Another thing to consider is that parts and labor are essentially the same mechanism to shop owners. Shops may charge $90/hr to repair your car, but certainly don’t pay the mechanic $90/hr. Shops buy and sell parts, buy and sell labor. And of course they mark up both. The entire business is a for-profit venture. If part of it is not making you money it’s costing you money. I find it odd that people complain that we buy a part for $10 and sell it for $16 but not that we buy labor for $25/hr and sell it for $90.

There are number of reasons to keep parts purchases “in house.” Often the more we buy from a vendor the better our price bracket becomes. Another is quality. The quality of the part has a great deal to do with the outcome of the repair. I won’t install a rebuilt water pump someone brings in because I have no interest in lowering the quality of my work. Another is time. I can’t be waiting around for you to bring me the fuel pump your car needs while your car is tying up a money-making stall.

If someone wants to bring his own parts I’ll adjust my labor rate to make up for the lost profit had I sold the parts. If you like the quality of our workmanship then you’ll pay it. If you’re just looking to save money on your car repair then we’re not the shop for you.

I think fear of competitiveness is another. Sure I could sell my parts at cost and raise my labor rate 50%.

I guess it’s different where you guys live…Because around here…the mechanics buy from these local parts stores. They get a good discount (which I can’t get). And then they mark up the price to what it would cost me if I bought the part from that store. Their prices aren’t out of line…and I TRUST the quality of their parts - at least a lot more then I trust places like ADAP or PepBoys.

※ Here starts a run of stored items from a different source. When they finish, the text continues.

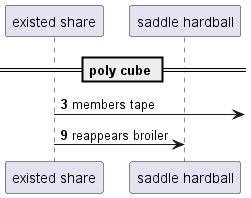

The diagram above was rendered by PlantUML. Its source (embedded in the PNG):
@startuml
participant "existed share" as 0
participant "saddle hardball" as 1
== poly cube ==
autonumber 3 6
0 ->] : members tape
0 -> 1: reappears broiler
@enduml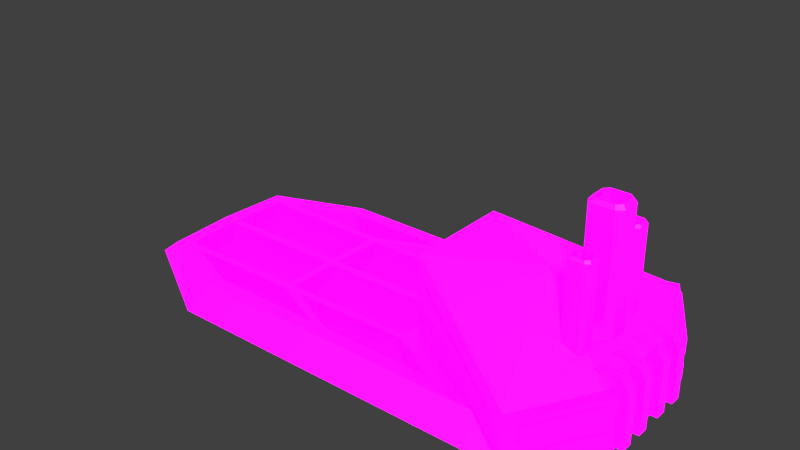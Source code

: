 # Source: Lithium_Evaporator.blend  (saved by Blender 2.80.75; exported with 4.5.12 LTS)
import bpy
from mathutils import Matrix  # noqa: F401  (used for matrix-valued properties, if any)

bpy.ops.wm.read_factory_settings(use_empty=True)
scene = bpy.context.scene
scene.name = 'Scene'

# ---- collections
col_collection_1 = bpy.data.collections.new('Collection 1'); scene.collection.children.link(col_collection_1)

# ---- images (referenced by path relative to the original .blend; pixels are not part of the script)
import os
ASSET_DIR = os.environ.get("B2B_ASSET_DIR", "")  # directory of the original .blend (textures are referenced by path, not embedded)
HERE = os.path.dirname(os.path.abspath(__file__))  # packed textures are extracted next to this script under _unpacked/

def load_image(name, relpath, width, height, colorspace="sRGB"):
    """Load a texture the original file referenced (path relative to the .blend, or extracted next to this script)."""
    p = next((c for c in (os.path.join(HERE, relpath), os.path.join(ASSET_DIR, relpath)) if relpath and os.path.exists(c)), "")
    if p:
        img = bpy.data.images.load(p, check_existing=True)
        img.name = name
    else:  # same state as the original file: an image datablock whose file is absent (Cycles renders it pink)
        img = bpy.data.images.new(name, width, height)
        img.source = "FILE"
        img.filepath = "//" + (relpath or name)
    img.colorspace_settings.name = colorspace
    return img
img_player_production_building_pallet_psd = load_image('Player Production Building Pallet.psd', 'Player Production Building Pallet.psd', 1024, 1024, 'sRGB')
img_emission_pallet_psd = load_image('Emission Pallet.psd', 'Emission Pallet.psd', 1024, 1024, 'sRGB')

# ---- materials (node trees are filled in below, after node groups)
mat_material = bpy.data.materials.new('Material')
mat_material.use_transparent_shadow = False

# ---- material node trees
mat_material.use_nodes = True; mat_material.node_tree.nodes.clear()
_N = mat_material.node_tree.nodes; _L = mat_material.node_tree.links
n0 = _N.new('ShaderNodeOutputMaterial'); n0.name = 'Material Output'; n0.location = (300, 300)
n1 = _N.new('ShaderNodeBsdfPrincipled'); n1.name = 'Principled BSDF'; n1.location = (10, 300)
n1.distribution = 'GGX'
n1.subsurface_method = 'BURLEY'
n1.inputs[3].default_value = 1.45
n1.inputs[28].default_value = 1.0
n2 = _N.new('ShaderNodeTexImage'); n2.name = 'Image Texture'; n2.location = (-280, 280)
n2.image = img_player_production_building_pallet_psd
n2.interpolation = 'Closest'
n3 = _N.new('ShaderNodeTexImage'); n3.name = 'Image Texture.001'; n3.location = (-280, -60)
n3.image = img_emission_pallet_psd
n3.interpolation = 'Closest'
_L.new(n1.outputs[0], n0.inputs[0])
_L.new(n2.outputs[0], n1.inputs[0])
_L.new(n3.outputs[0], n1.inputs[27])
n0.is_active_output = True

# ---- world
world_world = bpy.data.worlds.new('World'); scene.world = world_world
world_world.color = (0.05088, 0.05088, 0.05088)
world_world.use_sun_shadow = False
world_world.sun_shadow_jitter_overblur = 0.0
world_world.cycles.sampling_method = 'MANUAL'

# ---- meshes
me_cube_004 = bpy.data.meshes.new('Cube.004')
me_cube_004.from_pydata([(0.353, 0.4856, -0.08475), (0.4061, 0.4856, -0.1378), (0.4061, 1.714, -0.1378), (0.353, 1.714, -0.08475), (0.6094, 0.4856, -0.1378), (0.6625, 0.4856, -0.08475), (0.6625, 1.714, -0.08475), (0.6094, 1.714, -0.1378), (0.3795, 1.749, -0.0702), (0.4235, 1.749, -0.1142), (0.592, 1.749, -0.1142), (0.6359, 1.749, -0.0702), (0.6243, 1.749, -0.06536), (0.5871, 1.749, -0.1025), (0.4283, 1.749, -0.1025), (0.3912, 1.749, -0.06536), (0.5871, 0.527, -0.1025), (0.6243, 0.527, -0.06536), (0.4283, 0.527, -0.1025), (0.3912, 0.527, -0.06536), (0.6625, 0.4856, -2.122e-08), (0.6625, 1.714, -7.491e-08), (0.6359, 1.749, -7.643e-08), (0.6243, 1.749, -7.643e-08), (0.6243, 0.527, -2.304e-08), (0.353, 0.4856, -2.122e-08), (0.353, 1.714, -7.491e-08), (0.3795, 1.749, -7.643e-08), (0.3912, 1.749, -7.643e-08), (0.3912, 0.527, -2.304e-08), (0.4434, 0.6224, -0.2728), (0.4098, 0.6224, -0.3064), (0.4098, 1.399, -0.3064), (0.4434, 1.399, -0.2728), (0.4098, 0.6224, -0.4136), (0.4434, 0.6224, -0.4472), (0.4434, 1.399, -0.4472), (0.4098, 1.399, -0.4136), (0.6056, 0.6224, -0.3064), (0.5721, 0.6224, -0.2728), (0.5721, 1.399, -0.2728), (0.6056, 1.399, -0.3064), (0.5721, 0.6224, -0.4472), (0.6056, 0.6224, -0.4136), (0.6056, 1.399, -0.4136), (0.5721, 1.399, -0.4472), (0.4544, 1.421, -0.2878), (0.4266, 1.421, -0.3156), (0.4266, 1.421, -0.4044), (0.4544, 1.421, -0.4323), (0.561, 1.421, -0.4323), (0.5888, 1.421, -0.4044), (0.5888, 1.421, -0.3156), (0.561, 1.421, -0.2878), (0.5815, 1.421, -0.4014), (0.558, 1.421, -0.4249), (0.4575, 1.421, -0.4249), (0.434, 1.421, -0.4014), (0.434, 1.421, -0.3187), (0.4575, 1.421, -0.2952), (0.558, 1.421, -0.2952), (0.5815, 1.421, -0.3187), (0.558, 0.6486, -0.4249), (0.5815, 0.6486, -0.4014), (0.5815, 0.6486, -0.3187), (0.4575, 0.6486, -0.4249), (0.434, 0.6486, -0.4014), (0.434, 0.6486, -0.3187), (0.4575, 0.6486, -0.2952), (0.558, 0.6486, -0.2952), (-0.9655, 0.2148, 2.56e-08), (-3.703, 0.2148, -0.6683), (0.4521, 1.441e-07, -1.209), (-0.866, 5.96e-08, -0.5), (-2.803, 0.2148, -0.9053), (-0.866, 0.2148, -0.5), (-2.945, 1.441e-07, -1.209), (-3.992, 7.207e-08, -0.6046), (-0.3438, 0.2148, -0.9053), (-0.866, 0.0, 0.0), (-3.992, 0.0, 0.0), (0.866, 0.0, 0.0), (-3.636, 0.2148, 2.56e-08), (-0.866, 0.2148, 5.022e-08), (-3.741, 0.2148, 2.56e-08), (-0.9655, 0.2148, -0.5584), (0.03875, 0.2148, -1.005), (-2.821, 0.2148, -1.005), (-3.607, 0.2148, -0.5983), (-2.286, 0.2148, -0.5784), (-1.391, 0.2148, -1.005), (-1.247, 1.441e-07, -1.209), (-2.429, 0.0, 0.0), (-2.301, 0.2148, 2.56e-08), (-1.573, 0.2148, -0.9053), (-2.334, 0.2104, -0.03923), (-2.322, 0.2104, -0.5442), (-3.574, 0.2104, -0.5631), (-3.599, 0.2104, -0.03923), (-2.294, 0.2104, -0.6132), (-1.732, 0.2104, -0.8706), (-2.797, 0.2104, -0.8706), (-3.426, 0.2104, -0.6303), (-0.9743, 0.2104, -0.5932), (-0.4772, 0.2104, -0.8706), (-1.566, 0.2104, -0.8706), (-2.133, 0.2104, -0.6107), (-1.0, 0.2104, -0.03923), (-1.0, 0.2104, -0.5243), (-2.253, 0.2104, -0.5432), (-2.265, 0.2104, -0.03923), (-2.322, 0.005425, -0.5442), (-2.334, 0.005425, -0.03923), (-3.599, 0.005425, -0.03923), (-3.574, 0.005425, -0.5631), (-1.732, 0.005425, -0.8706), (-2.294, 0.005425, -0.6132), (-3.426, 0.005425, -0.6303), (-2.797, 0.005425, -0.8706), (-0.4772, 0.005425, -0.8706), (-0.9743, 0.005425, -0.5932), (-2.133, 0.005425, -0.6107), (-1.566, 0.005425, -0.8706), (-1.0, 0.005425, -0.5243), (-1.0, 0.005425, -0.03923), (-2.265, 0.005425, -0.03923), (-2.253, 0.005425, -0.5432), (-1.332e-15, 1.004, 1.57e-08), (-0.866, 1.004, -0.5), (0.4521, 0.4855, -1.209), (0.866, 0.4855, 3.838e-08), (0.866, 0.4855, -0.5), (-0.866, 1.004, 1.57e-08), (-0.866, 0.1403, -0.3597), (-0.866, 0.1403, -0.1403), (-0.9241, 0.864, -0.1403), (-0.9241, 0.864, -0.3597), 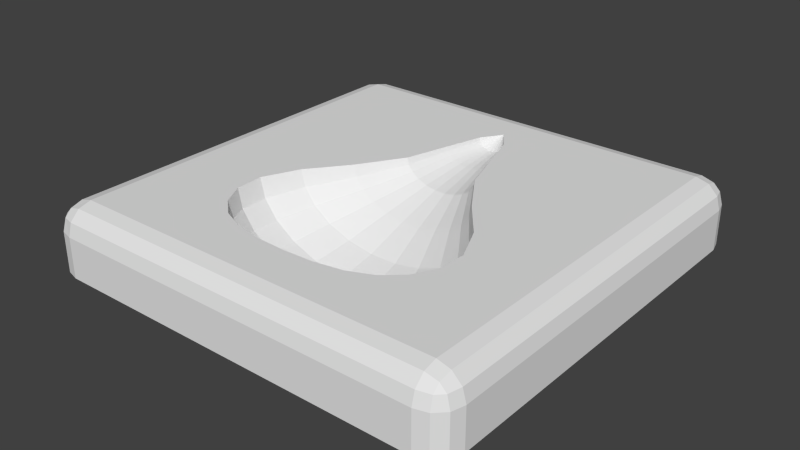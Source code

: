 # Source: WaterLock_N.blend  (saved by Blender 2.76.0; exported with 4.5.12 LTS)
import bpy
from mathutils import Matrix  # noqa: F401  (used for matrix-valued properties, if any)

bpy.ops.wm.read_factory_settings(use_empty=True)
scene = bpy.context.scene
scene.name = 'Scene'

# ---- collections
col_collection_1 = bpy.data.collections.new('Collection 1'); scene.collection.children.link(col_collection_1)

# ---- world
world_world = bpy.data.worlds.new('World'); scene.world = world_world
world_world.color = (0.05088, 0.05088, 0.05088)
world_world.use_sun_shadow = False
world_world.sun_shadow_jitter_overblur = 0.0
world_world.cycles.sampling_method = 'MANUAL'
world_world.cycles.sample_map_resolution = 256

# ---- meshes
me_sphere = bpy.data.meshes.new('Sphere')
me_sphere.from_pydata([(-0.01929, 0.001597, -0.157), (0.01176, 0.001597, 0.123), (0.04592, 0.001597, 0.1216), (0.07776, 0.001597, 0.1159), (0.1051, 0.001597, 0.1042), (0.1261, 0.001597, 0.08551), (0.1393, 0.001597, 0.06007), (0.1407, 0.001597, 0.02796), (0.1222, 0.001597, -0.01256), (0.08759, 0.001597, -0.05617), (0.05481, 0.001597, -0.1055), (0.03821, 0.001597, -0.1567), (0.02479, 0.001597, -0.1992), (0.04454, -0.007153, 0.1216), (0.07509, -0.01531, 0.1159), (0.1013, -0.02231, 0.1042), (0.1214, -0.02768, 0.08551), (0.1341, -0.03106, 0.06007), (0.1355, -0.03143, 0.02796), (0.1177, -0.02672, -0.01256), (0.0845, -0.01791, -0.05618), (0.05301, -0.009755, -0.1056), (0.03704, -0.005797, -0.1568), (0.02413, -0.003656, -0.1992), (0.0405, -0.01519, 0.1216), (0.06728, -0.03084, 0.1159), (0.09028, -0.04428, 0.1042), (0.1079, -0.05459, 0.08551), (0.119, -0.06107, 0.06007), (0.1202, -0.06178, 0.02795), (0.1046, -0.05273, -0.01256), (0.07548, -0.03584, -0.0562), (0.04775, -0.02018, -0.1056), (0.03361, -0.01258, -0.1568), (0.02221, -0.008478, -0.1992), (0.03413, -0.02188, 0.1216), (0.05498, -0.04375, 0.1159), (0.07288, -0.06253, 0.1042), (0.08662, -0.07694, 0.08551), (0.09526, -0.086, 0.06007), (0.09618, -0.08699, 0.02795), (0.08402, -0.07434, -0.01257), (0.06127, -0.05072, -0.05623), (0.03948, -0.02883, -0.1056), (0.02822, -0.01821, -0.1568), (0.01918, -0.01247, -0.1992), (0.02595, -0.02665, 0.1216), (0.03918, -0.05298, 0.1159), (0.05053, -0.07559, 0.1042), (0.05925, -0.09293, 0.08551), (0.06473, -0.1038, 0.06007), (0.06531, -0.105, 0.02795), (0.05754, -0.08978, -0.01258), (0.04302, -0.06136, -0.05627), (0.02886, -0.035, -0.1057), (0.0213, -0.02222, -0.1568), (0.01529, -0.01532, -0.1992), (0.01662, -0.02915, 0.1216), (0.02115, -0.05779, 0.1159), (0.02504, -0.08239, 0.1042), (0.02803, -0.1013, 0.08551), (0.0299, -0.1131, 0.06007), (0.03009, -0.1144, 0.02795), (0.02736, -0.09782, -0.0126), (0.02223, -0.06688, -0.05632), (0.01677, -0.0382, -0.1058), (0.01343, -0.02428, -0.1569), (0.01088, -0.01678, -0.1992), (0.006897, -0.02915, 0.1216), (0.002366, -0.05779, 0.1159), (-0.001524, -0.08239, 0.1042), (-0.00451, -0.1013, 0.08551), (-0.006386, -0.1131, 0.06007), (-0.006599, -0.1144, 0.02795), (-0.004082, -0.0978, -0.01261), (0.0005708, -0.06686, -0.05637), (0.004181, -0.03817, -0.1059), (0.005246, -0.02425, -0.1569), (0.006289, -0.01675, -0.1991), (-0.002433, -0.02665, 0.1216), (-0.01566, -0.05298, 0.1159), (-0.02701, -0.07559, 0.1042), (-0.03573, -0.09293, 0.08551), (-0.04121, -0.1038, 0.06007), (-0.0418, -0.105, 0.02795), (-0.03424, -0.08973, -0.01262), (-0.02019, -0.06129, -0.05641), (-0.007878, -0.03492, -0.1059), (-0.002586, -0.02213, -0.1569), (0.001899, -0.01524, -0.1991), (-0.01061, -0.02188, 0.1216), (-0.03146, -0.04375, 0.1159), (-0.04936, -0.06253, 0.1042), (-0.0631, -0.07694, 0.08551), (-0.07174, -0.086, 0.06007), (-0.07266, -0.08696, 0.02795), (-0.06067, -0.07427, -0.01263), (-0.03839, -0.05063, -0.05646), (-0.01844, -0.02873, -0.106), (-0.009437, -0.01809, -0.157), (-0.00194, -0.01238, -0.1991), (-0.01698, -0.01519, 0.1216), (-0.04376, -0.03084, 0.1159), (-0.06676, -0.04428, 0.1042), (-0.08441, -0.05459, 0.08551), (-0.0955, -0.06107, 0.06007), (-0.09668, -0.06175, 0.02795), (-0.08124, -0.05267, -0.01264), (-0.05254, -0.03576, -0.05649), (-0.02665, -0.02008, -0.1061), (-0.01476, -0.01248, -0.157), (-0.004922, -0.008389, -0.1991), (-0.02102, -0.007153, 0.1216), (-0.05157, -0.01531, 0.1159), (-0.0778, -0.02231, 0.1042), (-0.09793, -0.02768, 0.08551), (-0.1106, -0.03106, 0.06007), (-0.1119, -0.03141, 0.02795), (-0.09429, -0.02668, -0.01265), (-0.06152, -0.01787, -0.05651), (-0.03185, -0.009698, -0.1061), (-0.01813, -0.005733, -0.157), (-0.00681, -0.003604, -0.1991), (-0.0224, 0.001597, 0.1216), (-0.05424, 0.001597, 0.1159), (-0.08158, 0.001597, 0.1042), (-0.1026, 0.001597, 0.08551), (-0.1157, 0.001597, 0.06007), (-0.1171, 0.001597, 0.02795), (-0.09876, 0.001597, -0.01265), (-0.06459, 0.001597, -0.05652), (-0.03363, 0.001597, -0.1061), (-0.007456, 0.001597, -0.1991), (0.008296, 0.001597, -0.2229), (-0.2052, -0.1101, 0.2002), (-0.2346, -0.1101, 0.1708), (-0.2199, -0.1101, 0.1962), (-0.2307, -0.1101, 0.1855), (-0.2052, -0.04232, 0.2002), (-0.2052, 0.001599, 0.1708), (-0.2346, -0.04232, 0.1708), (-0.2052, -0.02039, 0.1963), (-0.2199, -0.04232, 0.1963), (-0.2193, -0.02132, 0.1924), (-0.2199, -0.004269, 0.1708), (-0.2052, -0.004269, 0.1855), (-0.2193, -0.009969, 0.1848), (-0.2307, -0.04232, 0.1855), (-0.2307, -0.02039, 0.1708), (-0.2269, -0.02132, 0.1848), (-0.2346, -0.1101, -0.2568), (-0.2052, -0.1101, -0.2862), (-0.2307, -0.1101, -0.2715), (-0.2199, -0.1101, -0.2822), (-0.2052, 0.001599, -0.2568), (-0.2052, -0.04232, -0.2862), (-0.2346, -0.04232, -0.2568), (-0.2052, -0.004269, -0.2715), (-0.2199, -0.004269, -0.2568), (-0.2193, -0.009969, -0.2708), (-0.2199, -0.04232, -0.2823), (-0.2052, -0.02039, -0.2823), (-0.2193, -0.02132, -0.2784), (-0.2307, -0.02039, -0.2568), (-0.2307, -0.04232, -0.2715), (-0.2269, -0.02132, -0.2708), (0.2518, -0.1101, 0.1708), (0.2223, -0.1101, 0.2002), (0.2478, -0.1101, 0.1855), (0.237, -0.1101, 0.1962), (0.2223, 0.001599, 0.1708), (0.2223, -0.04232, 0.2002), (0.2518, -0.04232, 0.1708), (0.2223, -0.004269, 0.1855), (0.237, -0.004269, 0.1708), (0.2364, -0.009969, 0.1848), (0.237, -0.04232, 0.1963), (0.2223, -0.02039, 0.1963), (0.2364, -0.02132, 0.1924), (0.2478, -0.02039, 0.1708), (0.2478, -0.04232, 0.1855), (0.244, -0.02132, 0.1848), (0.2223, -0.1101, -0.2862), (0.2518, -0.1101, -0.2568), (0.237, -0.1101, -0.2822), (0.2478, -0.1101, -0.2715), (0.2223, 0.001599, -0.2568), (0.2518, -0.04232, -0.2568), (0.2223, -0.04232, -0.2862), (0.237, -0.004269, -0.2568), (0.2223, -0.004269, -0.2715), (0.2364, -0.009969, -0.2708), (0.2478, -0.04232, -0.2715), (0.2478, -0.02039, -0.2568), (0.244, -0.02132, -0.2708), (0.2223, -0.02039, -0.2823), (0.237, -0.04232, -0.2823), (0.2364, -0.02132, -0.2784), (-0.2004, -0.1175, 0.1947), (-0.2291, -0.1175, 0.1659), (-0.2149, -0.1175, 0.191), (-0.2254, -0.1175, 0.1804), (-0.2291, -0.1175, -0.2519), (-0.2004, -0.1175, -0.2807), (-0.2254, -0.1175, -0.2664), (-0.2149, -0.1175, -0.277), (0.2463, -0.1175, 0.1659), (0.2175, -0.1175, 0.1947), (0.2425, -0.1175, 0.1804), (0.232, -0.1175, 0.191), (0.2175, -0.1175, -0.2807), (0.2463, -0.1175, -0.2519), (0.232, -0.1175, -0.277), (0.2425, -0.1175, -0.2664), (-0.1923, -0.122, 0.1856), (-0.22, -0.122, 0.1579), (-0.2065, -0.122, 0.1822), (-0.2166, -0.122, 0.172), (-0.22, -0.122, -0.2439), (-0.1923, -0.122, -0.2716), (-0.2166, -0.122, -0.258), (-0.2065, -0.122, -0.2682), (0.2371, -0.122, 0.1579), (0.2095, -0.122, 0.1856), (0.2337, -0.122, 0.172), (0.2236, -0.122, 0.1822), (0.2095, -0.122, -0.2716), (0.2371, -0.122, -0.2439), (0.2236, -0.122, -0.2682), (0.2337, -0.122, -0.258), (0.008573, 0.001599, -0.2568), (0.008573, 0.001599, 0.1708), (0.2223, 0.001599, -0.043), (-0.2052, 0.001599, -0.043)], [], [(6, 17, 16, 5), (11, 22, 21, 10), (4, 15, 14, 3), (9, 20, 19, 8), (7, 18, 17, 6), (12, 23, 22, 11), (5, 16, 15, 4), (10, 21, 20, 9), (3, 14, 13, 2), (8, 19, 18, 7), (14, 25, 24, 13), (19, 30, 29, 18), (17, 28, 27, 16), (22, 33, 32, 21), (15, 26, 25, 14), (20, 31, 30, 19), (18, 29, 28, 17), (23, 34, 33, 22), (16, 27, 26, 15), (21, 32, 31, 20), (29, 40, 39, 28), (34, 45, 44, 33), (27, 38, 37, 26), (32, 43, 42, 31), (25, 36, 35, 24), (30, 41, 40, 29), (28, 39, 38, 27), (33, 44, 43, 32), (26, 37, 36, 25), (31, 42, 41, 30), (37, 48, 47, 36), (42, 53, 52, 41), (40, 51, 50, 39), (45, 56, 55, 44), (38, 49, 48, 37), (43, 54, 53, 42), (36, 47, 46, 35), (41, 52, 51, 40), (39, 50, 49, 38), (44, 55, 54, 43), (52, 63, 62, 51), (50, 61, 60, 49), (55, 66, 65, 54), (48, 59, 58, 47), (53, 64, 63, 52), (51, 62, 61, 50), (56, 67, 66, 55), (49, 60, 59, 48), (54, 65, 64, 53), (47, 58, 57, 46), (60, 71, 70, 59), (65, 76, 75, 64), (58, 69, 68, 57), (63, 74, 73, 62), (61, 72, 71, 60), (66, 77, 76, 65), (59, 70, 69, 58), (64, 75, 74, 63), (62, 73, 72, 61), (67, 78, 77, 66), (75, 86, 85, 74), (73, 84, 83, 72), (78, 89, 88, 77), (71, 82, 81, 70), (76, 87, 86, 75), (69, 80, 79, 68), (74, 85, 84, 73), (72, 83, 82, 71), (77, 88, 87, 76), (70, 81, 80, 69), (83, 94, 93, 82), (88, 99, 98, 87), (81, 92, 91, 80), (86, 97, 96, 85), (84, 95, 94, 83), (89, 100, 99, 88), (82, 93, 92, 81), (87, 98, 97, 86), (80, 91, 90, 79), (85, 96, 95, 84), (98, 109, 108, 97), (91, 102, 101, 90), (96, 107, 106, 95), (94, 105, 104, 93), (99, 110, 109, 98), (92, 103, 102, 91), (97, 108, 107, 96), (95, 106, 105, 94), (100, 111, 110, 99), (93, 104, 103, 92), (106, 117, 116, 105), (111, 122, 121, 110), (104, 115, 114, 103), (109, 120, 119, 108), (102, 113, 112, 101), (107, 118, 117, 106), (105, 116, 115, 104), (110, 121, 120, 109), (103, 114, 113, 102), (108, 119, 118, 107), (114, 125, 124, 113), (119, 130, 129, 118), (117, 128, 127, 116), (115, 126, 125, 114), (120, 131, 130, 119), (113, 124, 123, 112), (118, 129, 128, 117), (116, 127, 126, 115), (2, 13, 1), (133, 23, 12), (133, 34, 23), (13, 24, 1), (133, 45, 34), (24, 35, 1), (35, 46, 1), (133, 56, 45), (133, 67, 56), (46, 57, 1), (133, 78, 67), (57, 68, 1), (68, 79, 1), (133, 89, 78), (79, 90, 1), (133, 100, 89), (133, 111, 100), (90, 101, 1), (101, 112, 1), (133, 122, 111), (121, 0, 131, 120), (112, 123, 1), (122, 132, 0, 121), (133, 132, 122), (187, 172, 166, 183), (171, 138, 134, 167), (155, 188, 182, 151), (138, 141, 143, 142), (141, 145, 146, 143), (139, 144, 146, 145), (144, 148, 149, 146), (140, 147, 149, 148), (147, 142, 143, 149), (143, 146, 149), (154, 157, 159, 158), (157, 161, 162, 159), (155, 160, 162, 161), (160, 164, 165, 162), (156, 163, 165, 164), (163, 158, 159, 165), (159, 162, 165), (170, 173, 175, 174), (173, 177, 178, 175), (171, 176, 178, 177), (176, 180, 181, 178), (172, 179, 181, 180), (179, 174, 175, 181), (175, 178, 181), (186, 189, 191, 190), (189, 193, 194, 191), (187, 192, 194, 193), (192, 196, 197, 194), (188, 195, 197, 196), (195, 190, 191, 197), (191, 194, 197), (134, 138, 142, 136), (136, 142, 147, 137), (137, 147, 140, 135), (139, 233, 154, 158, 144), (144, 158, 163, 148), (148, 163, 156, 140), (155, 151, 153, 160), (160, 153, 152, 164), (164, 152, 150, 156), (154, 230, 186, 190, 157), (157, 190, 195, 161), (161, 195, 188, 155), (187, 183, 185, 192), (192, 185, 184, 196), (196, 184, 182, 188), (186, 232, 170, 174, 189), (189, 174, 179, 193), (193, 179, 172, 187), (171, 167, 169, 176), (176, 169, 168, 180), (180, 168, 166, 172), (170, 231, 139, 145, 173), (173, 145, 141, 177), (177, 141, 138, 171), (140, 156, 150, 135), (166, 168, 208, 206), (135, 150, 202, 199), (182, 184, 212, 210), (152, 153, 205, 204), (136, 137, 201, 200), (184, 185, 213, 212), (168, 169, 209, 208), (183, 166, 206, 211), (151, 182, 210, 203), (153, 151, 203, 205), (169, 167, 207, 209), (185, 183, 211, 213), (134, 136, 200, 198), (167, 134, 198, 207), (137, 135, 199, 201), (150, 152, 204, 202), (204, 205, 221, 220), (209, 207, 223, 225), (211, 206, 222, 227), (203, 210, 226, 219), (205, 203, 219, 221), (201, 199, 215, 217), (210, 212, 228, 226), (207, 198, 214, 223), (200, 201, 217, 216), (212, 213, 229, 228), (213, 211, 227, 229), (199, 202, 218, 215), (198, 200, 216, 214), (202, 204, 220, 218), (206, 208, 224, 222), (208, 209, 225, 224), (129, 130, 131, 0, 132, 133, 230, 154, 233), (8, 232, 186, 230, 133, 12, 11, 10, 9), (2, 1, 231, 170, 232, 8, 7, 6, 5, 4, 3), (123, 124, 125, 126, 127, 128, 129, 233, 139, 231, 1)])
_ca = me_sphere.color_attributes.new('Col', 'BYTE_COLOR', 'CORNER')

Over half of what I buy comes from local wholesalers, carries multiple lines, some OEM, and won’t sell to the public. The rest comes from local stores. Occasionally I’ll need something and have to get it from Autozone, O’reilly, etc. Last time I needed something from them, my cost was $16 with a recommended list of $18. Wow, a whopping $2. In that case, I have to sell something for $26 that the customer can go buy for $18. I remember when “list price” actually meant something.

The problem isn’t mechanics marking up parts. It’s chain stores whoring themselves out (excuse the terminology) in their race to the bottom.

places like ADAP
MikeInNH:
I got a laugh from that because I still occasionally call it ADAP too.
IIRC, it went from American Discount Auto Parts (ADAP) to Auto Palace to AutoZone.

verrry eenterestink.

@asemaster. Thanks. That’s a fair assessment. A minor detail: I do, indeed, mark up my RAM - significantly. But, if the customer wants to get the part elsewhere, as I said, I will explain why mine is better but, ultimately, I don’t stop them and the installation still costs the same. Then again, my industry doesn’t seem to have exactly the same forces pushing against it as yours. And that may be the key distinction.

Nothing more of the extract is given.